[Stored data]
===============

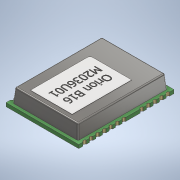
# Autodesk Inventor part: 03-0002
Saved by Autodesk Inventor 2021 (Build 250183000, 183)
## iProperties
Created: 2021-11-16
Part Number: 03-0002
Material: Stainless Steel
Document SubType Name: Modeling
Designer: Bradley
Density: 8 g/cm^3
Appearance: Semi-Polished
Author: Bradley
Autodesk Inventor part; units mm, degrees
ref_plane "YZ Plane" through (0, 0, 0) normal (1, 0, 0) x (0, 1, 0)
ref_plane "XZ Plane" through (0, 0, 0) normal (0, 1, 0) x (-1, 0, 0)
ref_plane "XY Plane" through (0, 0, 0) normal (0, 0, 1) x (1, 0, 0)
sketch "Sketch1" plane through (0, 0, 0) normal (0, 0, 1) x (1, 0, 0)
  line L0 (-6.1, -8) -> (6.1, -8)
  line L1 (6.1, -8) -> (6.1, 8)
  line L2 (6.1, 8) -> (-6.1, 8)
  line L3 (-6.1, 8) -> (-6.1, -8)
  line L4 (-6.1, -8) -> (6.1, 8) construction
  line L5 (6.1, -8) -> (-6.1, 8) construction
  point P0 (0, 0)
  dimension "d0" = 12.2
  dimension "d1" = 16
  constraints: 12 end point, 2 midpoint, 2 parallel, 1 horizontal, 1 perpendicular
  measures "d0" distance of L2.end L1.end
  measures "d1" distance of L1.end L0.end
extrude "Extrusion1" add sketch "Sketch1" along normal mid plane 0.6
sketch "Sketch2" plane through (0, 0, 0.3) normal (0, 0, 1) x (1, 0, 0)
  line L0 (6.1, -8) -> (6.1, 8) projected
  line L1 (6.1, 8) -> (-6.1, 8) projected
  line L2 (-6.1, 8) -> (-6.1, -8) projected
  line L3 (-6.1, -8) -> (6.1, -8) projected
  line L4 (-6.1, 8) -> (-6.1, -8) projected
  arc A0 (-6.1, 2.3) -> (-6.1, 2.9) centre (-6.2, 2.6) ccw
  line L5 (6.1, -8) -> (6.1, 8) projected
  arc A1 (6.1, 2.9) -> (6.1, 2.3) centre (6.2, 2.6) ccw
  arc A2 (-6.1, -7.3) -> (-6.1, -6.7) centre (-6.2, -7) ccw
  arc A3 (6.1, -6.7) -> (6.1, -7.3) centre (6.2, -7) ccw
  arc A4 (-6.1, 3.4) -> (-6.1, 4) centre (-6.2, 3.7) ccw
  arc A5 (6.1, 4) -> (6.1, 3.4) centre (6.2, 3.7) ccw
  arc A6 (-6.1, -6.2) -> (-6.1, -5.6) centre (-6.2, -5.9) ccw
  arc A7 (6.1, -5.6) -> (6.1, -6.2) centre (6.2, -5.9) ccw
  arc A8 (-6.1, 4.5) -> (-6.1, 5.1) centre (-6.2, 4.8) ccw
  arc A9 (6.1, 5.1) -> (6.1, 4.5) centre (6.2, 4.8) ccw
  arc A10 (-6.1, -5.1) -> (-6.1, -4.5) centre (-6.2, -4.8) ccw
  arc A11 (6.1, -4.5) -> (6.1, -5.1) centre (6.2, -4.8) ccw
  arc A12 (-6.1, 5.6) -> (-6.1, 6.2) centre (-6.2, 5.9) ccw
  arc A13 (6.1, 6.2) -> (6.1, 5.6) centre (6.2, 5.9) ccw
  arc A14 (-6.1, -4) -> (-6.1, -3.4) centre (-6.2, -3.7) ccw
  arc A15 (6.1, -3.4) -> (6.1, -4) centre (6.2, -3.7) ccw
  arc A16 (-6.1, 6.7) -> (-6.1, 7.3) centre (-6.2, 7) ccw
  arc A17 (6.1, 7.3) -> (6.1, 6.7) centre (6.2, 7) ccw
  arc A18 (-6.1, -2.9) -> (-6.1, -2.3) centre (-6.2, -2.6) ccw
  arc A19 (6.1, -2.3) -> (6.1, -2.9) centre (6.2, -2.6) ccw
  arc A20 (-6.1, 7.8) -> (-6.1, 8.4) centre (-6.2, 8.1) ccw
  arc A21 (6.1, 8.4) -> (6.1, 7.8) centre (6.2, 8.1) ccw
  arc A22 (-6.1, -1.8) -> (-6.1, -1.2) centre (-6.2, -1.5) ccw
  arc A23 (6.1, -1.2) -> (6.1, -1.8) centre (6.2, -1.5) ccw
  arc A24 (-6.1, 8.9) -> (-6.1, 9.5) centre (-6.2, 9.2) ccw
  arc A25 (6.1, 9.5) -> (6.1, 8.9) centre (6.2, 9.2) ccw
  arc A26 (-6.1, -0.7) -> (-6.1, -0.1) centre (-6.2, -0.4) ccw
  arc A27 (6.1, -0.1) -> (6.1, -0.7) centre (6.2, -0.4) ccw
  point P0 (0, 0)
  point P1 (-6.1, -5.1)
  point P2 (-6.1, -0.1)
  point P3 (-6.1, 2.9)
  point P4 (-6.1, 4)
  point P5 (6.1, 5.6)
  point P6 (6.1, 3.4)
  point P7 (6.1, 2.3)
  point P8 (6.1, -0.7)
  point P9 (6.1, -1.8)
  point P10 (6.1, -2.9)
  point P11 (6.1, -4)
  point P12 (6.1, -6.2)
  point P13 (6.1, -7.3)
  dimension "d4" = 1
  dimension "d5" = 0.6
  dimension "d6" = 0.1
  dimension "d7" = 0.1
  dimension "d10" = 1.1
  dimension "d15" = 3
  constraints: 74 vertical alignment, 56 point on circle, 28 centre point, 27 equal radius, 8 point on line, 2 horizontal alignment, 2 other
  measures "d4" distance from line of L3 A3.centre
  measures "d5" distance of A3.end A3.start
  measures "d10" distance of A0.start A4.start
  measures "d15" distance of A27.centre A1.centre
extrude "Extrusion2" cut sketch "Sketch2" against normal through all contours A3 L0 | L2 A2 | A7 L0 | L2 A6 | A11 L0 | L2 A10 | A15 L0 | L2 A14 | A19 L0 | L2 A18 | A23 L0 | L2 A22 | A27 L0 | L2 A26 | A1 L0 | L2 A0 | A5 L0 | L2 A4 | A9 L0 | L2 A8 | A13 L0 | L2 A12 | A17 L0 | L2 A16
sketch "Sketch3" plane through (0, 0, 0.3) normal (0, 0, 1) x (1, 0, 0)
  arc A0 (6.1, -4.5) -> (6.1, -5.1) centre (6.2, -4.8) ccw projected
  line L0 (6.1, -4.5) -> (6.1, -4) projected
  arc A1 (6.1, -3.4) -> (6.1, -4) centre (6.2, -3.7) ccw projected
  line L1 (6.1, -3.4) -> (6.1, -2.9) projected
  arc A2 (6.1, -2.3) -> (6.1, -2.9) centre (6.2, -2.6) ccw projected
  line L2 (6.1, -2.3) -> (6.1, -1.8) projected
  arc A3 (6.1, -1.2) -> (6.1, -1.8) centre (6.2, -1.5) ccw projected
  line L3 (6.1, -1.2) -> (6.1, -0.7) projected
  arc A4 (6.1, -0.1) -> (6.1, -0.7) centre (6.2, -0.4) ccw projected
  line L4 (6.1, -0.1) -> (6.1, 2.3) projected
  arc A5 (6.1, 2.9) -> (6.1, 2.3) centre (6.2, 2.6) ccw projected
  line L5 (6.1, 2.9) -> (6.1, 3.4) projected
  arc A6 (6.1, 4) -> (6.1, 3.4) centre (6.2, 3.7) ccw projected
  line L6 (6.1, 4) -> (6.1, 4.5) projected
  arc A7 (6.1, 5.1) -> (6.1, 4.5) centre (6.2, 4.8) ccw projected
  line L7 (6.1, 5.1) -> (6.1, 5.6) projected
  arc A8 (6.1, 6.2) -> (6.1, 5.6) centre (6.2, 5.9) ccw projected
  line L8 (6.1, 6.2) -> (6.1, 6.7) projected
  arc A9 (6.1, 7.3) -> (6.1, 6.7) centre (6.2, 7) ccw projected
  line L9 (6.1, 7.3) -> (6.1, 8) projected
  line L10 (6.1, 8) -> (-6.1, 8) projected
  line L11 (-6.1, 8) -> (-6.1, 7.3) projected
  arc A10 (-6.1, 6.7) -> (-6.1, 7.3) centre (-6.2, 7) ccw projected
  line L12 (-6.1, 6.7) -> (-6.1, 6.2) projected
  arc A11 (-6.1, 5.6) -> (-6.1, 6.2) centre (-6.2, 5.9) ccw projected
  line L13 (-6.1, 5.6) -> (-6.1, 5.1) projected
  arc A12 (-6.1, 4.5) -> (-6.1, 5.1) centre (-6.2, 4.8) ccw projected
  line L14 (-6.1, 4.5) -> (-6.1, 4) projected
  arc A13 (-6.1, 3.4) -> (-6.1, 4) centre (-6.2, 3.7) ccw projected
  line L15 (-6.1, 3.4) -> (-6.1, 2.9) projected
  arc A14 (-6.1, 2.3) -> (-6.1, 2.9) centre (-6.2, 2.6) ccw projected
  line L16 (-6.1, 2.3) -> (-6.1, -0.1) projected
  arc A15 (-6.1, -0.7) -> (-6.1, -0.1) centre (-6.2, -0.4) ccw projected
  line L17 (-6.1, -0.7) -> (-6.1, -1.2) projected
  arc A16 (-6.1, -1.8) -> (-6.1, -1.2) centre (-6.2, -1.5) ccw projected
  line L18 (-6.1, -1.8) -> (-6.1, -2.3) projected
  arc A17 (-6.1, -2.9) -> (-6.1, -2.3) centre (-6.2, -2.6) ccw projected
  line L19 (-6.1, -2.9) -> (-6.1, -3.4) projected
  arc A18 (-6.1, -4) -> (-6.1, -3.4) centre (-6.2, -3.7) ccw projected
  line L20 (-6.1, -4) -> (-6.1, -4.5) projected
  arc A19 (-6.1, -5.1) -> (-6.1, -4.5) centre (-6.2, -4.8) ccw projected
  line L21 (-6.1, -5.1) -> (-6.1, -5.6) projected
  arc A20 (-6.1, -6.2) -> (-6.1, -5.6) centre (-6.2, -5.9) ccw projected
  line L22 (-6.1, -6.2) -> (-6.1, -6.7) projected
  arc A21 (-6.1, -7.3) -> (-6.1, -6.7) centre (-6.2, -7) ccw projected
  line L23 (-6.1, -7.3) -> (-6.1, -8) projected
  line L24 (-6.1, -8) -> (6.1, -8) projected
  line L25 (6.1, -8) -> (6.1, -7.3) projected
  arc A22 (6.1, -6.7) -> (6.1, -7.3) centre (6.2, -7) ccw projected
  line L26 (6.1, -6.7) -> (6.1, -6.2) projected
  arc A23 (6.1, -5.6) -> (6.1, -6.2) centre (6.2, -5.9) ccw projected
  line L27 (6.1, -5.6) -> (6.1, -5.1) projected
  line L28 (-5.5, 7.5) -> (5.5, 7.5)
  line L29 (5.5, 7.5) -> (5.5, -7.5)
  line L30 (5.5, -7.5) -> (-5.5, -7.5)
  line L31 (-5.5, -7.5) -> (-5.5, 7.5)
  point P0 (0, 0)
  point P1 (0, 7.5)
  point P2 (-5.5, 0)
  dimension "d18" = 15
  dimension "d19" = 11
  constraints: 8 end point, 2 midpoint, 2 parallel, 1 horizontal, 1 horizontal alignment, 1 perpendicular, 1 vertical alignment
  measures "d18" distance of L30.end L28.start
  measures "d19" distance of L28.start L28.end
extrude "Extrusion3" add sketch "Sketch3" along normal blind 2.3 draft -5 contours L28 L29 L30 L31
fillet "Fillet1" radius 0.2 8 edges at (-5.2988, 0, 2.6) (-5.3994, 7.3994, 1.45) (-5.3994, -7.3994, 1.45) (0, 7.2988, 2.6) (5.3994, 7.3994, 1.45) (5.2988, 0, 2.6) (5.3994, -7.3994, 1.45) (0, -7.2988, 2.6)
sketch "Sketch4" plane through (0, 0, 2.6) normal (0, 0, 1) x (1, 0, 0)
  line L0 (3.5, 3.5) -> (-3, 3.5)
  line L1 (-3.5, 3) -> (-3.5, -6.5)
  line L2 (-3.5, -6.5) -> (3.5, -6.5)
  line L3 (3.5, -6.5) -> (3.5, 3.5)
  arc A0 (-3, 3.5) -> (-3.5, 3) centre (-3, 3) ccw
  point P0 (0, 0)
  point P1 (0, -6.5)
  dimension "d23" = 10
  dimension "d24" = 7
  dimension "d25" = 0.5
  dimension "d26" = 6.5
  constraints: 8 end point, 2 parallel, 2 point on circle, 2 tangent, 1 centre point, 1 horizontal, 1 midpoint, 1 perpendicular, 1 vertical alignment
  measures "d23" distance of L2.end L0.start
  measures "d24" distance of L1.end L2.end
  measures "d25" radius of A0
  measures "d26" distance from line of L2 point (0, 0)
emboss "Emboss1" sketch "Sketch4" operation add depth 0.05 direction (0, 0, -1)
sketch "Sketch5" plane through (-3.5, -6.5, 2.65) normal (0, 0, 1) x (1, 0, 0)
  line L0 (0.5, 10) -> (7, 10) construction
  line L1 (3.5, 10) -> (3.5, 0) construction
  line L2 (0, 0) -> (7, 0) construction
  spline S0 degree 2 poles (5.1072, 7.7624) (5.0241, 7.6915) (4.781, 7.6124) (4.625, 7.6124) knots 0 0 0 1 2 2 2
  spline S1 degree 2 poles (4.625, 7.6124) (4.4731, 7.6124) (4.2269, 7.6894) (4.1438, 7.7624) knots 0 0 0 1 2 2 2
  spline S2 degree 2 poles (4.1438, 7.7624) (4.0567, 7.8393) (3.9737, 8.0429) (3.9737, 8.1655) knots 0 0 0 1 2 2 2
  spline S3 degree 2 poles (3.9737, 8.1655) (3.9737, 8.2921) (4.0598, 8.4947) (4.1438, 8.5687) knots 0 0 0 1 2 2 2
  spline S4 degree 2 poles (4.1438, 8.5687) (4.2269, 8.6406) (4.471, 8.7176) (4.625, 8.7176) knots 0 0 0 1 2 2 2
  spline S5 degree 2 poles (4.625, 8.7176) (4.782, 8.7176) (5.0211, 8.6396) (5.1072, 8.5677) knots 0 0 0 1 2 2 2
  spline S6 degree 2 poles (5.1072, 8.5677) (5.1902, 8.4947) (5.2763, 8.2911) (5.2763, 8.1655) knots 0 0 0 1 2 2 2
  spline S7 degree 2 poles (5.2763, 8.1655) (5.2763, 8.0379) (5.1872, 7.8333) (5.1072, 7.7624) knots 0 0 0 1 2 2 2
  spline S8 degree 2 poles (4.625, 7.7857) (4.7486, 7.7857) (4.94, 7.8393) (5.0028, 7.888) knots 0 0 0 1 2 2 2
  spline S9 degree 2 poles (5.0028, 7.888) (5.0677, 7.9376) (5.1325, 8.0774) (5.1325, 8.1645) knots 0 0 0 1 2 2 2
  spline S10 degree 2 poles (5.1325, 8.1645) (5.1325, 8.2547) (5.0697, 8.3904) (5.0028, 8.4421) knots 0 0 0 1 2 2 2
  spline S11 degree 2 poles (5.0028, 8.4421) (4.939, 8.4917) (4.7466, 8.5444) (4.625, 8.5444) knots 0 0 0 1 2 2 2
  spline S12 degree 2 poles (4.625, 8.5444) (4.3788, 8.5444) (4.1175, 8.3377) (4.1175, 8.1645) knots 0 0 0 1 2 2 2
  spline S13 degree 2 poles (4.1175, 8.1645) (4.1175, 7.9913) (4.3788, 7.7857) (4.625, 7.7857) knots 0 0 0 1 2 2 2
  line L3 (4.7688, 6.9449) -> (4.7688, 6.953)
  spline S14 degree 2 poles (4.7688, 6.953) (4.7739, 6.9712) (4.7759, 7.0107) (4.7759, 7.0381) knots 0 0 0 1 2 2 2
  spline S15 degree 2 poles (4.7759, 7.0381) (4.7759, 7.1019) (4.7202, 7.2275) (4.6655, 7.2842) knots 0 0 0 1 2 2 2
  line L4 (4.6655, 7.2842) -> (4, 7.2842)
  line L5 (4, 7.2842) -> (4, 7.4423)
  line L6 (4, 7.4423) -> (4.938, 7.4423)
  line L7 (4.938, 7.4423) -> (4.938, 7.2842)
  line L8 (4.938, 7.2842) -> (4.7982, 7.2842)
  spline S16 degree 2 poles (4.7982, 7.2842) (4.8752, 7.1981) (4.938, 7.0695) (4.938, 7.0087) knots 0 0 0 1 2 2 2
  spline S17 degree 2 poles (4.938, 7.0087) (4.938, 6.9844) (4.936, 6.9601) (4.9329, 6.9449) knots 0 0 0 1 2 2 2
  line L9 (4.9329, 6.9449) -> (4.7688, 6.9449)
  line L10 (4, 6.6613) -> (4, 6.8193)
  line L11 (4, 6.8193) -> (4.938, 6.8193)
  line L12 (4.938, 6.8193) -> (4.938, 6.6613)
  line L13 (4.938, 6.6613) -> (4, 6.6613)
  line L14 (5.094, 6.6501) -> (5.094, 6.8294)
  line L15 (5.094, 6.8294) -> (5.2581, 6.8294)
  line L16 (5.2581, 6.8294) -> (5.2581, 6.6501)
  line L17 (5.2581, 6.6501) -> (5.094, 6.6501)
  spline S18 degree 2 poles (4.469, 5.6584) (4.232, 5.6584) (3.9737, 5.8863) (3.9737, 6.0768) knots 0 0 0 1 2 2 2
  spline S19 degree 2 poles (3.9737, 6.0768) (3.9737, 6.2723) (4.2401, 6.4962) (4.469, 6.4962) knots 0 0 0 1 2 2 2
  spline S20 degree 2 poles (4.469, 6.4962) (4.704, 6.4962) (4.9643, 6.2652) (4.9643, 6.0768) knots 0 0 0 1 2 2 2
  spline S21 degree 2 poles (4.9643, 6.0768) (4.9643, 5.8863) (4.705, 5.6584) (4.469, 5.6584) knots 0 0 0 1 2 2 2
  spline S22 degree 2 poles (4.469, 5.8215) (4.6513, 5.8215) (4.8286, 5.9542) (4.8286, 6.0768) knots 0 0 0 1 2 2 2
  spline S23 degree 2 poles (4.8286, 6.0768) (4.8286, 6.1994) (4.6513, 6.3331) (4.469, 6.3331) knots 0 0 0 1 2 2 2
  spline S24 degree 2 poles (4.469, 6.3331) (4.2917, 6.3331) (4.1094, 6.1994) (4.1094, 6.0768) knots 0 0 0 1 2 2 2
  spline S25 degree 2 poles (4.1094, 6.0768) (4.1094, 5.9552) (4.2887, 5.8215) (4.469, 5.8215) knots 0 0 0 1 2 2 2
  line L18 (4, 4.7599) -> (4, 4.9179)
  line L19 (4, 4.9179) -> (4.5348, 4.9179)
  spline S26 degree 2 poles (4.5348, 4.9179) (4.5997, 4.9179) (4.7111, 4.9301) (4.7445, 4.9483) knots 0 0 0 1 2 2 2
  spline S27 degree 2 poles (4.7445, 4.9483) (4.78, 4.9676) (4.8144, 5.0365) (4.8144, 5.0952) knots 0 0 0 1 2 2 2
  spline S28 degree 2 poles (4.8144, 5.0952) (4.8144, 5.154) (4.7516, 5.2786) (4.701, 5.3383) knots 0 0 0 1 2 2 2
  line L20 (4.701, 5.3383) -> (4, 5.3383)
  line L21 (4, 5.3383) -> (4, 5.4964)
  line L22 (4, 5.4964) -> (4.938, 5.4964)
  line L23 (4.938, 5.4964) -> (4.938, 5.3383)
  line L24 (4.938, 5.3383) -> (4.8337, 5.3383)
  spline S29 degree 2 poles (4.8337, 5.3383) (4.8975, 5.2674) (4.9643, 5.1307) (4.9643, 5.0537) knots 0 0 0 1 2 2 2
  spline S30 degree 2 poles (4.9643, 5.0537) (4.9643, 4.9159) (4.782, 4.7599) (4.6088, 4.7599) knots 0 0 0 1 2 2 2
  line L25 (4.6088, 4.7599) -> (4, 4.7599)
  spline S31 degree 2 poles (4.3839, 3.1412) (4.2907, 3.1412) (4.1479, 3.2121) (4.1013, 3.2709) knots 0 0 0 1 2 2 2
  spline S32 degree 2 poles (4.1013, 3.2709) (4.0466, 3.3418) (4, 3.5028) (4, 3.6305) knots 0 0 0 1 2 2 2
  line L26 (4, 3.6305) -> (4, 3.9891)
  line L27 (4, 3.9891) -> (5.25, 3.9891)
  line L28 (5.25, 3.9891) -> (5.25, 3.6578)
  spline S33 degree 2 poles (5.25, 3.6578) (5.25, 3.5241) (5.2328, 3.3904) (5.1994, 3.3296) knots 0 0 0 1 2 2 2
  spline S34 degree 2 poles (5.1994, 3.3296) (5.1639, 3.2618) (5.0474, 3.2) (4.9684, 3.2) knots 0 0 0 1 2 2 2
  spline S35 degree 2 poles (4.9684, 3.2) (4.8803, 3.2) (4.7405, 3.2932) (4.701, 3.3752) knots 0 0 0 1 2 2 2
  line L29 (4.701, 3.3752) -> (4.6949, 3.3752)
  spline S36 degree 2 poles (4.6949, 3.3752) (4.6645, 3.2638) (4.5034, 3.1412) (4.3839, 3.1412) knots 0 0 0 1 2 2 2
  spline S37 degree 2 poles (4.3768, 3.3144) (4.4477, 3.3144) (4.5389, 3.3549) (4.5713, 3.4157) knots 0 0 0 1 2 2 2
  spline S38 degree 2 poles (4.5713, 3.4157) (4.5916, 3.4552) (4.6037, 3.5484) (4.6037, 3.6345) knots 0 0 0 1 2 2 2
  line L30 (4.6037, 3.6345) -> (4.6037, 3.8229)
  line L31 (4.6037, 3.8229) -> (4.1418, 3.8229)
  line L32 (4.1418, 3.8229) -> (4.1418, 3.6882)
  spline S39 degree 2 poles (4.1418, 3.6882) (4.1418, 3.5788) (4.1621, 3.4532) (4.1945, 3.4046) knots 0 0 0 1 2 2 2
  spline S40 degree 2 poles (4.1945, 3.4046) (4.2279, 3.358) (4.311, 3.3144) (4.3768, 3.3144) knots 0 0 0 1 2 2 2
  spline S41 degree 2 poles (4.9451, 3.3732) (4.9897, 3.3732) (5.0565, 3.4036) (5.0758, 3.437) knots 0 0 0 1 2 2 2
  spline S42 degree 2 poles (5.0758, 3.437) (5.0981, 3.4775) (5.1082, 3.5758) (5.1082, 3.6639) knots 0 0 0 1 2 2 2
  line L33 (5.1082, 3.6639) -> (5.1082, 3.8229)
  line L34 (5.1082, 3.8229) -> (4.7425, 3.8229)
  line L35 (4.7425, 3.8229) -> (4.7425, 3.6345)
  spline S43 degree 2 poles (4.7425, 3.6345) (4.7425, 3.5565) (4.7587, 3.4826) (4.784, 3.4431) knots 0 0 0 1 2 2 2
  spline S44 degree 2 poles (4.784, 3.4431) (4.8083, 3.4046) (4.8863, 3.3732) (4.9451, 3.3732) knots 0 0 0 1 2 2 2
  line L36 (4, 2.3035) -> (4, 2.9133)
  line L37 (4, 2.9133) -> (4.1276, 2.9133)
  line L38 (4.1276, 2.9133) -> (4.1276, 2.6864)
  line L39 (4.1276, 2.6864) -> (4.9654, 2.6864)
  line L40 (4.9654, 2.6864) -> (4.9654, 2.9133)
  line L41 (4.9654, 2.9133) -> (5.0798, 2.9133)
  spline S45 degree 2 poles (5.0798, 2.9133) (5.0798, 2.7846) (5.1528, 2.6631) (5.2541, 2.655) knots 0 0 0 1 2 2 2
  line L42 (5.2541, 2.655) -> (5.2541, 2.5253)
  line L43 (5.2541, 2.5253) -> (4.1276, 2.5253)
  line L44 (4.1276, 2.5253) -> (4.1276, 2.3035)
  line L45 (4.1276, 2.3035) -> (4, 2.3035)
  spline S46 degree 2 poles (4.4052, 1.2834) (4.309, 1.2834) (4.1459, 1.3472) (4.0912, 1.4009) knots 0 0 0 1 2 2 2
  spline S47 degree 2 poles (4.0912, 1.4009) (4.0334, 1.4566) (3.9737, 1.5964) (3.9737, 1.6805) knots 0 0 0 1 2 2 2
  spline S48 degree 2 poles (3.9737, 1.6805) (3.9737, 1.7646) (4.0304, 1.9034) (4.0871, 1.956) knots 0 0 0 1 2 2 2
  spline S49 degree 2 poles (4.0871, 1.956) (4.155, 2.0209) (4.3829, 2.0938) (4.549, 2.0938) knots 0 0 0 1 2 2 2
  spline S50 degree 2 poles (4.549, 2.0938) (4.7121, 2.0938) (4.9745, 2.0269) (5.0717, 1.9571) knots 0 0 0 1 2 2 2
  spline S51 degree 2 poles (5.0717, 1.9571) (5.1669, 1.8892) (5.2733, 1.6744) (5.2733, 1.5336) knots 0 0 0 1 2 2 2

===============

EXERCISE REQUIREMENTS:
What you give back should be exactly the lines of the data above from the line with "arc A23 (6.1, -5.6)" through the line with "line L30 (5.5, -7.5) -> (-5.5, -7.5)", both of those included, and nothing more.

FINAL ANSWER:
  arc A23 (6.1, -5.6) -> (6.1, -6.2) centre (6.2, -5.9) ccw projected
  line L27 (6.1, -5.6) -> (6.1, -5.1) projected
  line L28 (-5.5, 7.5) -> (5.5, 7.5)
  line L29 (5.5, 7.5) -> (5.5, -7.5)
  line L30 (5.5, -7.5) -> (-5.5, -7.5)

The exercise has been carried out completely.